# Using Cable In Tt For Satelite



## weekendwarrior (Jul 24, 2007)

went out to the ob today, put a satelite splitter before the power splitter inside the tt. Connected one out back to the splitter in the tt and the other out I drilled into the faceplate so now theres a two seperate connections, one direct to satelite and the existing for cable. go back tomorrow to see if it works!!! Left my controller at home so I couldn't test it out today


----------



## 2500Ram (Oct 30, 2005)

That should work, if not just remove your splitter and mount the outside feed on the face plate Then you can mount another barrel connector on your face plate you can jumper to the back of the amplifier.

Pictures are worth a thousand words









Clicky thing

**edit**

On edit I don't think your setup will work. Something to do the splitting the sat feed before the receiver. You can put in a multi switch (diplexer) but a sat splitter won't work.

Give it a try though, it's already wired up.

Good luck.


----------



## weekendwarrior (Jul 24, 2007)

2500Ram said:


> That should work, if not just remove your splitter and mount the outside feed on the face plate Then you can mount another barrel connector on your face plate you can jumper to the back of the amplifier.
> 
> Pictures are worth a thousand words
> 
> ...


neg results. I tried with the diplexer first , no signal than I removed the diplexer and connected directly before the amplifier still no signal. I had access to regular cable so I plugged it in just to see if it would work and it did. So I figured that either the wire is split somewhere else before the amp or the rg 59 cable is to long. So I think I'm going to go with adding a direct line by the outside a/c outlet to a new faceplate next to the original. I looked under the sink and there is full access so this should be an easy mod. Sorry about the confusion with splitter it was a diplexer.
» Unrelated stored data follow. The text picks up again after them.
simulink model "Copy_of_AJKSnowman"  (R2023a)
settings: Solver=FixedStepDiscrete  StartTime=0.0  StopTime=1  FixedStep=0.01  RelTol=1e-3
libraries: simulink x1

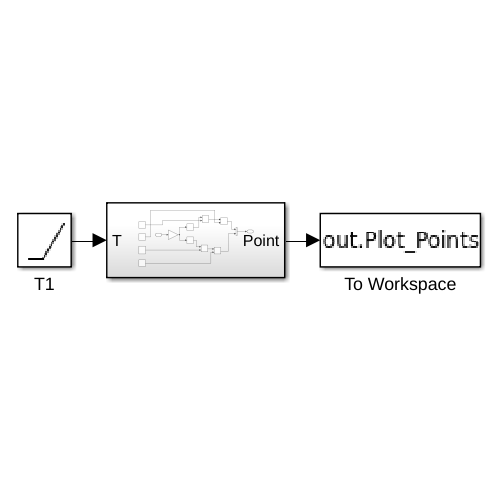
[thumbnail: Simulink's stored preview of the top-level diagram]
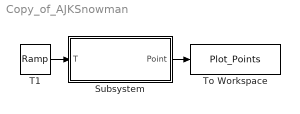
== system Copy_of_AJKSnowman ==
  Subsystem : Subsystem
  T1 : simulink/Sources/Ramp  slope=1  start=0  InitialOutput=0
  To Workspace : ToWorkspace  VariableName=Plot_Points  SampleTime=-1
  wires:
  T1/1 -> Subsystem/1(T)
  Subsystem/1(Point) -> To Workspace/1

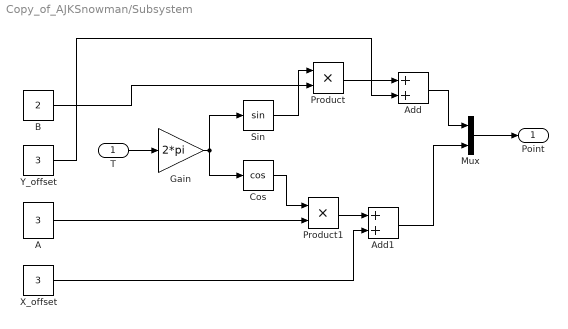
== system Copy_of_AJKSnowman/Subsystem ==
  T : Inport
  A : Constant  Value=3
  Add : Sum
  Add1 : Sum
  B : Constant  Value=2
  Cos : Trigonometry  Operator=cos
  Gain : Gain  Gain=2*pi
  Mux : Mux  Inputs=2
  Product : Product
  Product1 : Product
  Sin : Trigonometry
  X_offset : Constant  Value=3
  Y_offset : Constant  Value=3
  Point : Outport
  wires:
  Y_offset/1 -> Add/2
  Product/1 -> Add/1
  X_offset/1 -> Add1/2
  Add1/1 -> Mux/2
  Cos/1 -> Product1/1
  B/1 -> Product/2
  A/1 -> Product1/2
  Sin/1 -> Product/1
  Gain/1 -> Cos/1, Sin/1
  Product1/1 -> Add1/1
  T/1 -> Gain/1
  Add/1 -> Mux/1
  Mux/1 -> Point/1
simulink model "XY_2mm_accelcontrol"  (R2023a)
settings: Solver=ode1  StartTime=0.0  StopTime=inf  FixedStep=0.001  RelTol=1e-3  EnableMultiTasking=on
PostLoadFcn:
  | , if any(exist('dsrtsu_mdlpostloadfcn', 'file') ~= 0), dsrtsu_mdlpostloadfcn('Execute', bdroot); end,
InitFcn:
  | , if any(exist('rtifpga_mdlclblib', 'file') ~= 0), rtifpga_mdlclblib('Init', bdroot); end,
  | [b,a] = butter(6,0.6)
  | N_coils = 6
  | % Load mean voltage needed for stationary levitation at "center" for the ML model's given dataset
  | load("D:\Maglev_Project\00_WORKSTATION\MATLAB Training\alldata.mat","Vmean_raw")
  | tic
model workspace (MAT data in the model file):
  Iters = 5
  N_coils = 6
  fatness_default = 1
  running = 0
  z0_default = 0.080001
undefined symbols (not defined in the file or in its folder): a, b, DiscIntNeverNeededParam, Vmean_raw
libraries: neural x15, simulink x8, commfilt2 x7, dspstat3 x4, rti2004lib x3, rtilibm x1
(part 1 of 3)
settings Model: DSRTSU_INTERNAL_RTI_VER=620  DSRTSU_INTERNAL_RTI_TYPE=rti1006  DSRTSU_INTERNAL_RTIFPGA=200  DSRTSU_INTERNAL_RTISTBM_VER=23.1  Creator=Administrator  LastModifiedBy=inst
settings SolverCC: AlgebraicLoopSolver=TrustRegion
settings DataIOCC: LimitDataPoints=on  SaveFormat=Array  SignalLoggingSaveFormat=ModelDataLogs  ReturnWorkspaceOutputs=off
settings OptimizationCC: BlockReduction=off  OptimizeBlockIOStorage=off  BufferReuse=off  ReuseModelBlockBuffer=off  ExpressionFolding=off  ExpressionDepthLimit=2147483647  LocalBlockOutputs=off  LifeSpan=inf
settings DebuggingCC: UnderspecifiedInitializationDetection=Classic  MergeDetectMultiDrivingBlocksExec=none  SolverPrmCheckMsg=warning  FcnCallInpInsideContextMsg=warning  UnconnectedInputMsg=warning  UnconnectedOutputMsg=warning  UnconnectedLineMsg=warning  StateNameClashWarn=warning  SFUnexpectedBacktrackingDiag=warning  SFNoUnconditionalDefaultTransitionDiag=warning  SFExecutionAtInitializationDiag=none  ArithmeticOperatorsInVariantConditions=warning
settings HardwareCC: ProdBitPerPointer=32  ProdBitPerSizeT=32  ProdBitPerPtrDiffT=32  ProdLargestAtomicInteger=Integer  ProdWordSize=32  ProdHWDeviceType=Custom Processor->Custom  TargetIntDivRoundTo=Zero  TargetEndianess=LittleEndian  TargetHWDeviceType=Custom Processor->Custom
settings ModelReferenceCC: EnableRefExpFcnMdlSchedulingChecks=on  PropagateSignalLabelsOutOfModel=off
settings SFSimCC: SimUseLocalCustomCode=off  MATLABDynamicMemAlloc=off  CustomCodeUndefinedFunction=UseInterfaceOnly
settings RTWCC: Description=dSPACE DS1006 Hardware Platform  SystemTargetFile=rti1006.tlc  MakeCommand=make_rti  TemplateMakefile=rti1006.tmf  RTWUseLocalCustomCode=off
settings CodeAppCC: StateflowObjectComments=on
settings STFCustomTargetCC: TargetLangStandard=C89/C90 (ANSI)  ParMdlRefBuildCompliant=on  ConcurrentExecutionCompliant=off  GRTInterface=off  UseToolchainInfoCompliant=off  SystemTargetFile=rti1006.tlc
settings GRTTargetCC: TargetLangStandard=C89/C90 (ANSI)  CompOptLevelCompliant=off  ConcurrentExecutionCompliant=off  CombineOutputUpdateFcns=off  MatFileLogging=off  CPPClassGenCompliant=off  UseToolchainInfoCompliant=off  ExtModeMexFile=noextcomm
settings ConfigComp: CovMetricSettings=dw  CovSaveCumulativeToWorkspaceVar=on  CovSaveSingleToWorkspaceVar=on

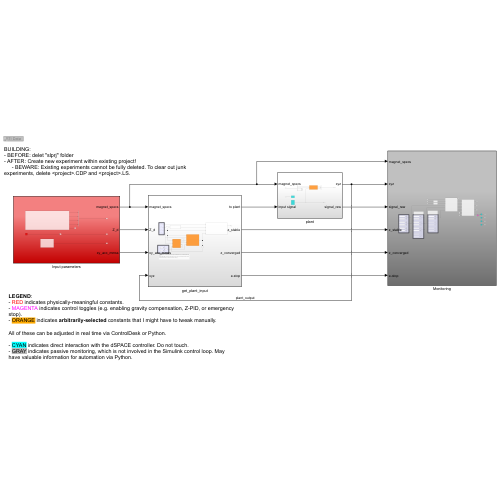
[thumbnail: Simulink's stored preview of the top-level diagram]
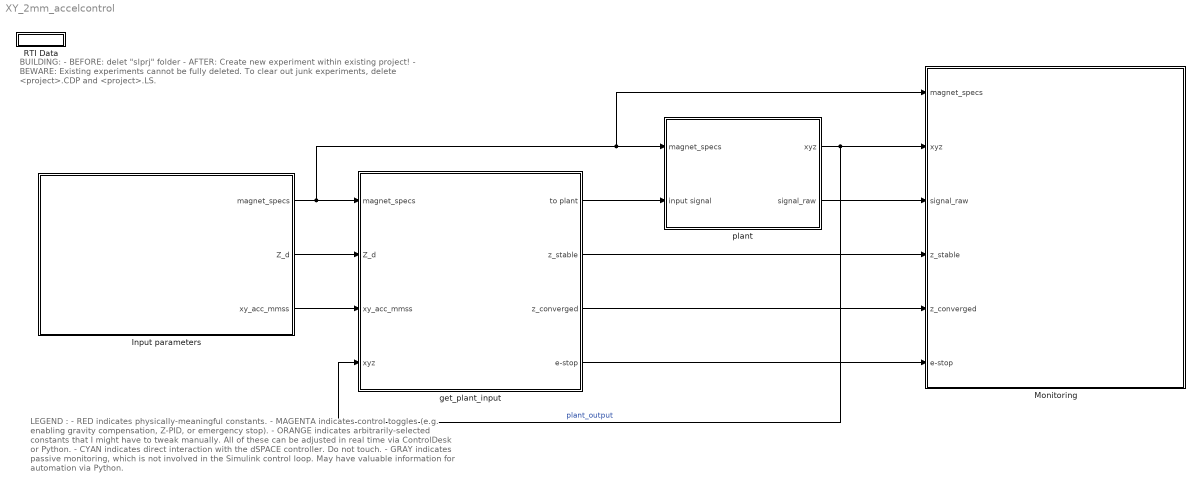
== system XY_2mm_accelcontrol ==
  note: BUILDING:
      | - BEFORE: delet "slprj" folder
      | - AFTER: Create new experiment within existing project!
      | - BEWARE: Existing experiments cannot be fully deleted. To clear out junk experiments, delete <project>.CDP and <project>.LS.
  note: LEGEND :
      | - RED indicates physically-meaningful constants.
      | - MAGENTA indicates control toggles (e.g. enabling gravity compensation, Z-PID, or emergency stop).
      | - ORANGE indicates arbitrarily-selected constants that I might have to tweak manually.
      |
      | All of these can be adjusted in real time via ControlDesk or Python.
      |
      | - CYAN indicates direct interaction with the dSPACE controller. Do not touch.
      | - GRAY indicates passive monitoring, which is not involved in the Simulink control loop. May have valuable information for automation via Python.
  Input parameters : Subsystem
  Monitoring : Subsystem
  RTI Data : Subsystem  Tag=struct('RTIDataServer',struct('RTIDataServerVs','2','RTIModelDescription','struct(''main'',''XY_2mm_accelcontrol'',''sub'','''',''isMp'',0)'))  LoadFcn="if exist('rtidc'), try,  rtidc('DataHostBlockClbLoad', gcbh); catch, disp(['Warning: ''LoadFcn'' for RTI Data block failed: ' lasterr]); end, end,"  mask(RTI_DATA_HOST){}
      mask help:
      | RTI Data Block.
      | This block is used by RTI to store internal model-dependent data.
      | Please keep this block on the root level of the model. Deleting this block will result in data loss.
      |
      | NEVER DELETE OR COPY THIS BLOCK!
      settings: CopyFcn="if exist('rtidc'), try,  rtidc('DataHostBlockClbCopy', gcbh); catch, disp(['Warning: ''CopyFcn'' for RTI Data block failed: ' lasterr]); end, end,"  DeleteFcn="if exist('rtidc'), try,  rtidc('DataHostBlockClbDelete', gcbh); catch, disp(['Warning: ''DeleteFcn'' for RTI Data block failed: ' lasterr]); end, end,"  ModelCloseFcn="if exist('rtidc'), try,  rtidc('DataHostBlockClbModelClose', gcbh); catch, disp(['Warning: ''ModelCloseFcn'' for RTI Data block failed: ' lasterr]); end, end,"  PreSaveFcn="if exist('rtidc'), try,  rtidc('DataHostBlockClbPreSave', gcbh); catch, disp(['Warning: ''PreSaveFcn'' for RTI Data block failed: ' lasterr]); end, end,"  PostSaveFcn="if exist('rtidc'), try,  rtidc('DataHostBlockClbPostSave', gcbh); catch, disp(['Warning: ''PostSaveFcn'' for RTI Data block failed: ' lasterr]); end, end,"  NameChangeFcn="if exist('rtidc'), try,  rtidc('DataHostBlockClbNameChange', gcbh); catch, disp(['Warning: ''NameChangeFcn'' for RTI Data block failed: ' lasterr]); end, end,"
      mask Help:
      | RTI Data Block.
      | This block is used by RTI to store internal model-dependent data.
      | Please keep this block on the root level of the model. Deleting this block will result in data loss.
      | 
      | NEVER DELETE OR COPY THIS BLOCK!
      mask Display:
      | text(0.5, 0.5, 'RTI Data', 'HorizontalAlignment', 'center');
      | plot([1 0]);
  get_plant_input : Subsystem
  plant : Subsystem
  wires:
  Input parameters/1(magnet_specs) -> Monitoring/1(magnet_specs), plant/1(magnet_specs), get_plant_input/1(magnet_specs)
  Input parameters/2(Z_d) -> get_plant_input/2(Z_d)
  plant/1(xyz) -> get_plant_input/4(xyz), Monitoring/2(xyz)  "plant_output"
  Input parameters/3(xy_acc_mmss) -> get_plant_input/3(xy_acc_mmss)
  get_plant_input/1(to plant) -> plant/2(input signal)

What you showed in the picture was what I originally was going to go with, than I thought the diplexer would be better not having to use a jumper when cable was connected.


----------



## weekendwarrior (Jul 24, 2007)

weekendwarrior said:


> That should work, if not just remove your splitter and mount the outside feed on the face plate Then you can mount another barrel connector on your face plate you can jumper to the back of the amplifier.
> 
> Pictures are worth a thousand words
> 
> ...


neg results. I tried with the diplexer first , no signal than I removed the diplexer and connected directly before the amplifier still no signal. I had access to regular cable so I plugged it in just to see if it would work and it did. So I figured that either the wire is split somewhere else before the amp or the rg 59 cable is to long. So I think I'm going to go with adding a direct line by the outside a/c outlet to a new faceplate next to the original. I looked under the sink and there is full access so this should be an easy mod. Sorry about the confusion with splitter it was a diplexer. What you showed in the picture was what I originally was going to go with, than I thought the diplexer would be better not having to use a jumper when cable was connected.
[/quote]
after looking at your directions Im wondering if my connection out side is loose but what I don't understand is why would cable work but not satelite. By the way all of the connections to amp were loose. go figure.


----------



## 2500Ram (Oct 30, 2005)

weekendwarrior said:


> after looking at your directions Im wondering if my connection out side is loose but what I don't understand is why would cable work but not satelite. By the way all of the connections to amp were loose. go figure.


That makes no sense that cable works but sat doesn't. A loose connection should stop all signal but it's worth a look. Sat does work at a higher frequency than cable so maybe a loose connection can pass the lower frequency of cable but...

Good luck.

And you should have a direct feed to the plate, no splitters before the amp box. Satellite works fine with my setup.


----------



## weekendwarrior (Jul 24, 2007)

2500Ram said:


> after looking at your directions Im wondering if my connection out side is loose but what I don't understand is why would cable work but not satelite. By the way all of the connections to amp were loose. go figure.


That makes no sense that cable works but sat doesn't. A loose connection should stop all signal but it's worth a look. Sat does work at a higher frequency than cable so maybe a loose connection can pass the lower frequency of cable but...

Good luck.

And you should have a direct feed to the plate, no splitters before the amp box. Satellite works fine with my setup.
[/quote]
I know it's enough to cause me to go koo koo I think Ill check the outside connection just for gp and go from there thanks for your input.


----------



## SouthLa26RS (Jul 10, 2006)

Make sure you do not have a tiny wrap around wire touching the main center post. When stripping or cutting back coax, sometimes the tiny little wrap around wires or wire will touch the main center wire and disrupt the satellite.


----------



## titanizer (Feb 28, 2009)

I made an easy mod to get my VuCube satelite cable into the Outback. Drilled a 1/4" hole in base of the plastic window screen frame over the dining table. Open window, run cable through the hole, use slip-on cable connector to back of Directv receiver. Voila, I was in business watching "Weather Channel"


----------